Reading the Bible has led me to think about some of the ways people think about God.
Some say that God is perfect. What does it mean for something of which there is only one to be perfect? Where there are two of something we can look for flaws and decide that one is closer to perfection than the other.
Why is this relevant? If our view of God is of the absolute grounding of reality as something perfect, then this becomes a mirror for our own very personal conceptions about what is or is not perfect in ourselves or others. We may become less accepting of our own apparent flaws or those of others if we believe there is a grounding of perfection from which we and they have deviated. The Bible contains many laws expressing what is or is not considered acceptable to God, yet why should the absolute grounding of reality give a shit?

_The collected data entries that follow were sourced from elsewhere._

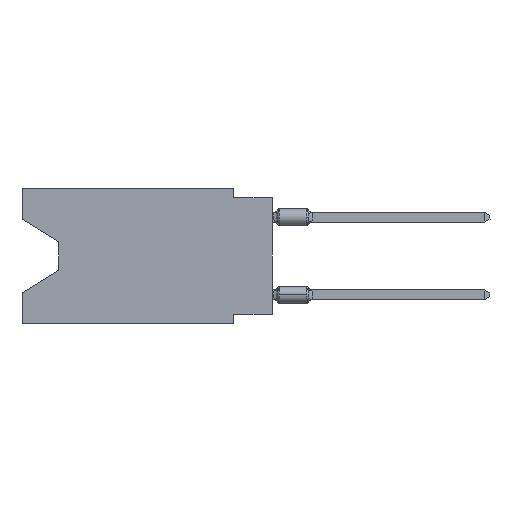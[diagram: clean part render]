
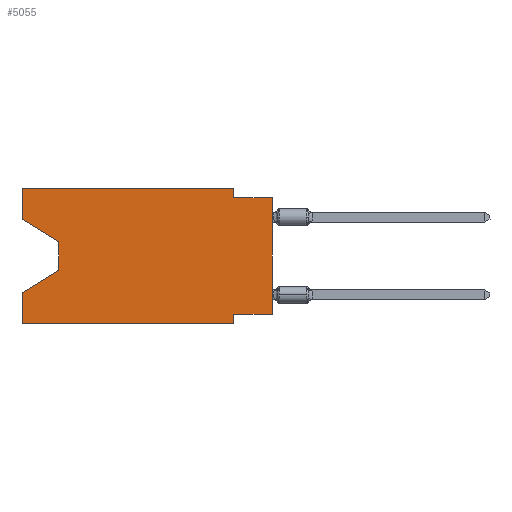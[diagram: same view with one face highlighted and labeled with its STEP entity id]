
A CAD part, left-side view. The second image highlights one B-rep face of the part: STEP entity #5055.
In plain terms, the highlighted planar face has unit normal (-1, 0, 0).
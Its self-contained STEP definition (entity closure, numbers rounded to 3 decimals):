
#20 = DIRECTION ( 'NONE',  ( 0., 0., -1. ) ) ;
#147 = VERTEX_POINT ( 'NONE', #30354 ) ;
#308 = VECTOR ( 'NONE', #25346, 1000. ) ;
#576 = VERTEX_POINT ( 'NONE', #18736 ) ;
#898 = EDGE_CURVE ( 'NONE', #8719, #576, #28367, .T. ) ;
#1033 = LINE ( 'NONE', #3180, #4153 ) ;
#1248 = CARTESIAN_POINT ( 'NONE',  ( 0., 2.54, -8.89 ) ) ;
#1266 = VERTEX_POINT ( 'NONE', #16155 ) ;
#1315 = CARTESIAN_POINT ( 'NONE',  ( 0., 0., -8.255 ) ) ;
#1913 = CARTESIAN_POINT ( 'NONE',  ( 0., 2.54, -8.89 ) ) ;
#1978 = EDGE_CURVE ( 'NONE', #2861, #1266, #3730, .T. ) ;
#2434 = CARTESIAN_POINT ( 'NONE',  ( 0., 16.383, 0. ) ) ;
#2503 = VECTOR ( 'NONE', #19553, 1000. ) ;
#2660 = VECTOR ( 'NONE', #18819, 1000. ) ;
#2861 = VERTEX_POINT ( 'NONE', #1315 ) ;
#3048 = VECTOR ( 'NONE', #24343, 1000. ) ;
#3180 = CARTESIAN_POINT ( 'NONE',  ( 0., 0., 0. ) ) ;
#3475 = CARTESIAN_POINT ( 'NONE',  ( 0., 16.383, 0. ) ) ;
#3567 = CARTESIAN_POINT ( 'NONE',  ( 0., 2.54, 0. ) ) ;
#3643 = DIRECTION ( 'NONE',  ( 0., 0., 1. ) ) ;
#3730 = LINE ( 'NONE', #27506, #22437 ) ;
#4047 = ORIENTED_EDGE ( 'NONE', *, *, #8121, .F. ) ;
#4153 = VECTOR ( 'NONE', #29128, 1000. ) ;
#4535 = ORIENTED_EDGE ( 'NONE', *, *, #898, .T. ) ;
#4744 = DIRECTION ( 'NONE',  ( 0., 0., -1. ) ) ;
#5043 = LINE ( 'NONE', #17573, #3048 ) ;
#5055 = ADVANCED_FACE ( 'NONE', ( #5601 ), #7933, .F. ) ;
#5367 = VECTOR ( 'NONE', #20, 1000. ) ;
#5601 = FACE_OUTER_BOUND ( 'NONE', #22812, .T. ) ;
#7204 = CARTESIAN_POINT ( 'NONE',  ( 0., 16.383, -2.038 ) ) ;
#7455 = VERTEX_POINT ( 'NONE', #22309 ) ;
#7493 = CARTESIAN_POINT ( 'NONE',  ( 0., 0., -0.635 ) ) ;
#7573 = CARTESIAN_POINT ( 'NONE',  ( 0., 13.97, -5.385 ) ) ;
#7806 = LINE ( 'NONE', #2434, #11491 ) ;
#7844 = EDGE_CURVE ( 'NONE', #7455, #147, #29838, .T. ) ;
#7933 = PLANE ( 'NONE',  #23073 ) ;
#8121 = EDGE_CURVE ( 'NONE', #1266, #16172, #19451, .T. ) ;
#8153 = VECTOR ( 'NONE', #21689, 1000. ) ;
#8538 = DIRECTION ( 'NONE',  ( 1., 0., 0. ) ) ;
#8719 = VERTEX_POINT ( 'NONE', #9203 ) ;
#8872 = EDGE_CURVE ( 'NONE', #16211, #147, #12117, .T. ) ;
#9203 = CARTESIAN_POINT ( 'NONE',  ( 0., 16.383, -2.038 ) ) ;
#9607 = VECTOR ( 'NONE', #28879, 1000. ) ;
#10118 = ORIENTED_EDGE ( 'NONE', *, *, #7844, .F. ) ;
#10856 = VECTOR ( 'NONE', #28217, 1000. ) ;
#11491 = VECTOR ( 'NONE', #3643, 1000. ) ;
#12117 = LINE ( 'NONE', #24008, #8153 ) ;
#12223 = ORIENTED_EDGE ( 'NONE', *, *, #24012, .T. ) ;
#12231 = VERTEX_POINT ( 'NONE', #29748 ) ;
#12745 = ORIENTED_EDGE ( 'NONE', *, *, #25219, .F. ) ;
#12889 = EDGE_CURVE ( 'NONE', #576, #16211, #16536, .T. ) ;
#13884 = VERTEX_POINT ( 'NONE', #3475 ) ;
#14795 = ORIENTED_EDGE ( 'NONE', *, *, #17139, .F. ) ;
#15189 = CARTESIAN_POINT ( 'NONE',  ( 0., 16.383, 0. ) ) ;
#15880 = EDGE_CURVE ( 'NONE', #12231, #23529, #17970, .T. ) ;
#16155 = CARTESIAN_POINT ( 'NONE',  ( 0., 2.54, -8.255 ) ) ;
#16172 = VERTEX_POINT ( 'NONE', #1913 ) ;
#16211 = VERTEX_POINT ( 'NONE', #7573 ) ;
#16493 = LINE ( 'NONE', #25904, #27742 ) ;
#16536 = LINE ( 'NONE', #25949, #5367 ) ;
#17139 = EDGE_CURVE ( 'NONE', #19033, #12231, #16493, .T. ) ;
#17573 = CARTESIAN_POINT ( 'NONE',  ( 0., 16.383, -8.89 ) ) ;
#17953 = CARTESIAN_POINT ( 'NONE',  ( 0., 16.383, 0. ) ) ;
#17970 = LINE ( 'NONE', #7493, #2503 ) ;
#18287 = EDGE_CURVE ( 'NONE', #13884, #19033, #23431, .T. ) ;
#18736 = CARTESIAN_POINT ( 'NONE',  ( 0., 13.97, -3.505 ) ) ;
#18819 = DIRECTION ( 'NONE',  ( 0., -1., 0. ) ) ;
#19033 = VERTEX_POINT ( 'NONE', #3567 ) ;
#19451 = LINE ( 'NONE', #1248, #9607 ) ;
#19553 = DIRECTION ( 'NONE',  ( 0., -1., 0. ) ) ;
#19823 = DIRECTION ( 'NONE',  ( 0., 0., -1. ) ) ;
#20454 = ORIENTED_EDGE ( 'NONE', *, *, #8872, .T. ) ;
#20902 = ORIENTED_EDGE ( 'NONE', *, *, #18287, .F. ) ;
#21411 = CARTESIAN_POINT ( 'NONE',  ( 0., 16.383, 0. ) ) ;
#21689 = DIRECTION ( 'NONE',  ( 0., 0.855, -0.519 ) ) ;
#21736 = EDGE_CURVE ( 'NONE', #7455, #16172, #5043, .T. ) ;
#22309 = CARTESIAN_POINT ( 'NONE',  ( 0., 16.383, -8.89 ) ) ;
#22437 = VECTOR ( 'NONE', #29528, 1000. ) ;
#22812 = EDGE_LOOP ( 'NONE', ( #4535, #25383, #20454, #10118, #24621, #4047, #24933, #12223, #23243, #14795, #20902, #12745 ) ) ;
#23073 = AXIS2_PLACEMENT_3D ( 'NONE', #15189, #8538, #19823 ) ;
#23243 = ORIENTED_EDGE ( 'NONE', *, *, #15880, .F. ) ;
#23431 = LINE ( 'NONE', #21411, #2660 ) ;
#23529 = VERTEX_POINT ( 'NONE', #26834 ) ;
#24008 = CARTESIAN_POINT ( 'NONE',  ( 0., 13.97, -5.385 ) ) ;
#24012 = EDGE_CURVE ( 'NONE', #2861, #23529, #1033, .T. ) ;
#24343 = DIRECTION ( 'NONE',  ( 0., -1., 0. ) ) ;
#24621 = ORIENTED_EDGE ( 'NONE', *, *, #21736, .T. ) ;
#24933 = ORIENTED_EDGE ( 'NONE', *, *, #1978, .F. ) ;
#25219 = EDGE_CURVE ( 'NONE', #8719, #13884, #7806, .T. ) ;
#25346 = DIRECTION ( 'NONE',  ( 0., 0., 1. ) ) ;
#25383 = ORIENTED_EDGE ( 'NONE', *, *, #12889, .T. ) ;
#25904 = CARTESIAN_POINT ( 'NONE',  ( 0., 2.54, 0. ) ) ;
#25949 = CARTESIAN_POINT ( 'NONE',  ( 0., 13.97, -3.505 ) ) ;
#26834 = CARTESIAN_POINT ( 'NONE',  ( 0., 0., -0.635 ) ) ;
#27506 = CARTESIAN_POINT ( 'NONE',  ( 0., 0., -8.255 ) ) ;
#27742 = VECTOR ( 'NONE', #4744, 1000. ) ;
#28217 = DIRECTION ( 'NONE',  ( 0., -0.855, -0.519 ) ) ;
#28367 = LINE ( 'NONE', #7204, #10856 ) ;
#28879 = DIRECTION ( 'NONE',  ( 0., 0., -1. ) ) ;
#29128 = DIRECTION ( 'NONE',  ( 0., 0., 1. ) ) ;
#29528 = DIRECTION ( 'NONE',  ( 0., 1., 0. ) ) ;
#29748 = CARTESIAN_POINT ( 'NONE',  ( 0., 2.54, -0.635 ) ) ;
#29838 = LINE ( 'NONE', #17953, #308 ) ;
#30354 = CARTESIAN_POINT ( 'NONE',  ( 0., 16.383, -6.852 ) ) ;

Religion is a human institution with a human basis and a human purpose. The purpose of religious laws, as with any laws, is to try to resolve or prevent conflict in society. It doesn’t begin with something abstract, but contemplation of the abstract may give the lawmaker some of the required distance to make laws for the common good rather than his own. What we find in the early parts of the Bible are flawed attempts which we may look on critically from our own position, but we would probably find similar flaws in most indigenous systems of law - a mix of wisdom, superstition, intolerance and brutality.
My own definition of “God” is the creative principle of the universe which we see in operation in the increasing complexity of life’s development and which operates in human affairs as love. Something holds energy in the meaningful pattern that we call “matter”. And some principle allows some of that matter to organise itself in what we call “life”. The comparable meaningful arrangements of humans are what we call “families” and “tribes” and “corporations” and “societies”. What holds these together is love, i.e. open, honest, spontaneous and generous communication. Sure tribal selfishness may be a motivating force, and all groups are diluted by intra-group selfishness, but if there were no love the group would fall apart.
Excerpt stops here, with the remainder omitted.